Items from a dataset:
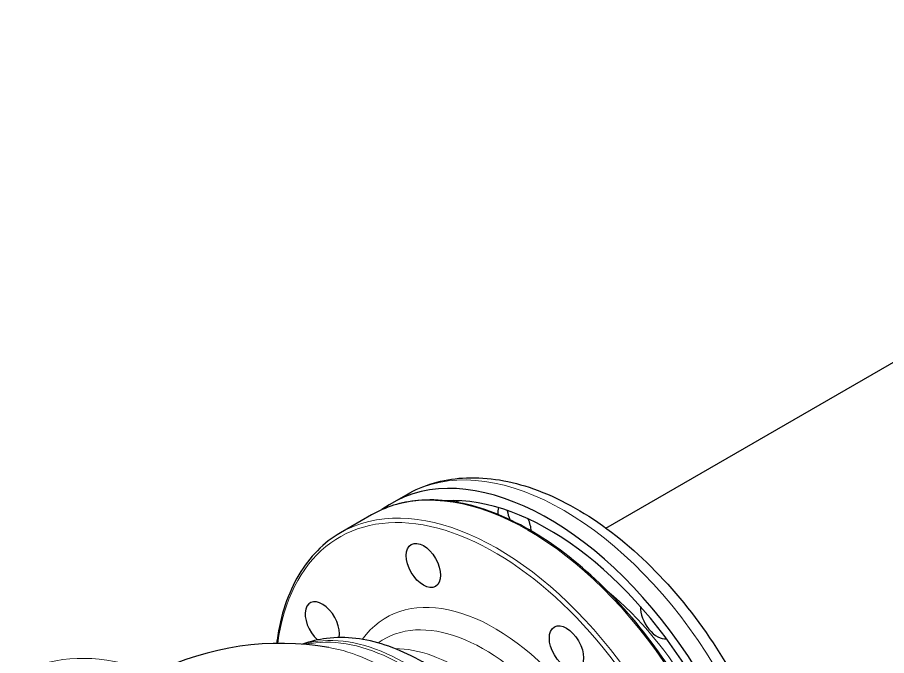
# Model space of a CAD drawing. Header units: millimetres. Extents: x 0 to 14700, y -3 to 10395.
# Drawn here: x 9741.8 to 10136.5, y 7390.5 to 7680.3 of the extents above; entities that cross this region are included whole.
import ezdxf

# ---------------------------------------------------------------- set-up
doc = ezdxf.new("R2010")
doc.units = ezdxf.units.MM
doc.header["$LTSCALE"] = 35
doc.layers.add('Visible', color=7, linetype='Continuous', lineweight=25)
doc.layers.add('Visible Narrow', color=7, linetype='Continuous', lineweight=18)

msp = doc.modelspace()

# ---------------------------------------------------------------- linework, layer by layer
at = {"layer": 'Visible'}
for p, q in [((10009, 7448.48), (10663.04, 7826.09)), ((9911.78, 7459.73), (9918.5, 7463.61)), ((9902.59, 7454.42), (9888.45, 7446.26))]:
    msp.add_line(p, q, dxfattribs=at)
msp.add_arc((9861.41, 7266.1), 130, 80.317, 116.115, dxfattribs=at)
for centre, major_axis, start_param, end_param in [((9983.03, 7336.32), (-71.25, 123.41), 3.390102, 6.347402), ((9983.03, 7336.32), (-68.25, 118.21), 3.423733, 6.001045), ((9967.53, 7451.02), (-5.38, 9.31), 0.489904, 0.869464), ((9971.77, 7453.47), (5.38, -9.31), 4.078487, 4.516898), ((9967.53, 7451.02), (5.38, -9.31), 0.841605, 1.416252), ((9880.24, 7404.99), (-5.5, 9.53), 3.715708, 8.352241), ((10032.29, 7407.97), (5.38, -9.31), 3.876342, 6.085724)]:
    msp.add_ellipse(centre, major_axis=major_axis, ratio=0.57735, start_param=start_param, end_param=end_param, dxfattribs=at)
for centre in [(9926.17, 7431.5), (9991.11, 7394.01)]:
    msp.add_ellipse(centre, major_axis=(5.5, -9.53), ratio=0.57735, dxfattribs=at)
for points, knots in [([(9918.5, 7463.61), (9926.16, 7468.03), (9934.86, 7470.56), (9953.71, 7471.84), (9963.91, 7470.32), (9985.32, 7463.28), (9996.55, 7457.36), (10018.46, 7441.76), (10029.13, 7431.99), (10048.68, 7409.79), (10057.58, 7397.36), (10072.81, 7371.08), (10079.15, 7357.23), (10088.68, 7329.34), (10091.87, 7315.3), (10094.63, 7288.3), (10094.2, 7275.33), (10089.38, 7251.94), (10085.06, 7241.44), (10076.72, 7230.1), (10074.56, 7227.6), (10072.22, 7225.32)], [3.066042, 3.066042, 3.066042, 3.066042, 3.341851, 3.341851, 3.63954, 3.63954, 3.967569, 3.967569, 4.30192, 4.30192, 4.634081, 4.634081, 4.96511, 4.96511, 5.29723, 5.29723, 5.631553, 5.631553, 5.959727, 5.959727, 6.061008, 6.061008, 6.061008, 6.061008]), ([(10065.4, 7229.25), (10069.53, 7237.01), (10072.37, 7246.14), (10075.51, 7267.67), (10075.43, 7280.34), (10071.83, 7306.98), (10068.31, 7320.93), (10058.2, 7348.7), (10051.61, 7362.51), (10036.04, 7388.6), (10027.05, 7400.88), (10007.58, 7422.68), (9997.1, 7432.19), (9975.66, 7447.48), (9964.72, 7453.25), (9943.46, 7460.44), (9933.15, 7461.85), (9916.01, 7460.26), (9908.89, 7458.06), (9902.59, 7454.42)], [4.273172, 4.273172, 4.273172, 4.273172, 4.558437, 4.558437, 4.879941, 4.879941, 5.201661, 5.201661, 5.523079, 5.523079, 5.844386, 5.844386, 6.165844, 6.165844, 6.487603, 6.487603, 6.808872, 6.808872, 7.068583, 7.068583, 7.068583, 7.068583]), ([(9888.45, 7446.26), (9880.85, 7441.87), (9874.46, 7435.4), (9864.68, 7418.93), (9861.34, 7408.88), (9859.62, 7397.1), (9859.55, 7396.59), (9859.48, 7396.09)], [0.7853982, 0.7853982, 0.7853982, 0.7853982, 1.0988349, 1.0988349, 1.4168447, 1.4168447, 1.4309912, 1.4309912, 1.4309912, 1.4309912]), ([(9998.85, 7262.18), (9998.82, 7264.01), (9998.75, 7265.85), (9997.97, 7278.1), (9995.84, 7288.9), (9989.06, 7310.33), (9984.43, 7320.95), (9973.19, 7341.07), (9966.59, 7350.56), (9951.95, 7367.61), (9943.9, 7375.17), (9926.9, 7387.55), (9917.94, 7392.36), (9899.99, 7398.22), (9890.96, 7399.4), (9878.48, 7397.88), (9874.81, 7397.01), (9871.3, 7395.72)], [4.727174, 4.727174, 4.727174, 4.727174, 4.788718, 4.788718, 5.132543, 5.132543, 5.473672, 5.473672, 5.812642, 5.812642, 6.153248, 6.153248, 6.497128, 6.497128, 6.827754, 6.827754, 6.968659, 6.968659, 6.968659, 6.968659])]:
    msp.add_open_spline(points, degree=3, knots=knots, dxfattribs=at)
at = {"layer": 'Visible Narrow'}
for centre, major_axis, start_param, end_param in [((9989.75, 7340.2), (-71.25, 123.41), 3.310554, 6.283185), ((9973.84, 7331.01), (-71.25, 123.41), 3.493285, 6.283185), ((9959.7, 7322.85), (-71.25, 123.41), 3.643316, 6.283185), ((9993.99, 7342.65), (-65.25, 113.02), 6.085882, 6.118549), ((9958.64, 7322.24), (-70.5, 122.11), 3.651286, 6.921075), ((9958.64, 7322.24), (-49.4, 85.57), 3.607278, 6.53692), ((9993.99, 7342.65), (54, -93.53), 0.992022, 2.149571), ((9953.56, 7319.3), (-45.43, 78.68), 3.66068, 6.341454), ((9918.09, 7298.83), (-54, 93.53), 3.9949, 6.149071), ((9916.71, 7298.03), (-54, 93.53), 3.998467, 6.106646), ((9821.81, 7243.24), (-80, 138.56), 4.170487, 6.283185), ((9909.34, 7293.77), (55.47, -96.07), 0.890389, 2.694856), ((9941.55, 7312.37), (-44.55, 77.17), 3.742414, 5.962193)]:
    msp.add_ellipse(centre, major_axis=major_axis, ratio=0.57735, start_param=start_param, end_param=end_param, dxfattribs=at)

doc.saveas('drawing.dxf')

▶ [Task prompt] Copy out nothing but the lines from the beginning of the records through the one that contains "80.317, 116.115, dxfattribs=at)". Skip the pictures.

▶ [Finished task]
# Model space of a CAD drawing. Header units: millimetres. Extents: x 0 to 14700, y -3 to 10395.
# Drawn here: x 9741.8 to 10136.5, y 7390.5 to 7680.3 of the extents above; entities that cross this region are included whole.
import ezdxf

# ---------------------------------------------------------------- set-up
doc = ezdxf.new("R2010")
doc.units = ezdxf.units.MM
doc.header["$LTSCALE"] = 35
doc.layers.add('Visible', color=7, linetype='Continuous', lineweight=25)
doc.layers.add('Visible Narrow', color=7, linetype='Continuous', lineweight=18)

msp = doc.modelspace()

# ---------------------------------------------------------------- linework, layer by layer
at = {"layer": 'Visible'}
for p, q in [((10009, 7448.48), (10663.04, 7826.09)), ((9911.78, 7459.73), (9918.5, 7463.61)), ((9902.59, 7454.42), (9888.45, 7446.26))]:
    msp.add_line(p, q, dxfattribs=at)
msp.add_arc((9861.41, 7266.1), 130, 80.317, 116.115, dxfattribs=at)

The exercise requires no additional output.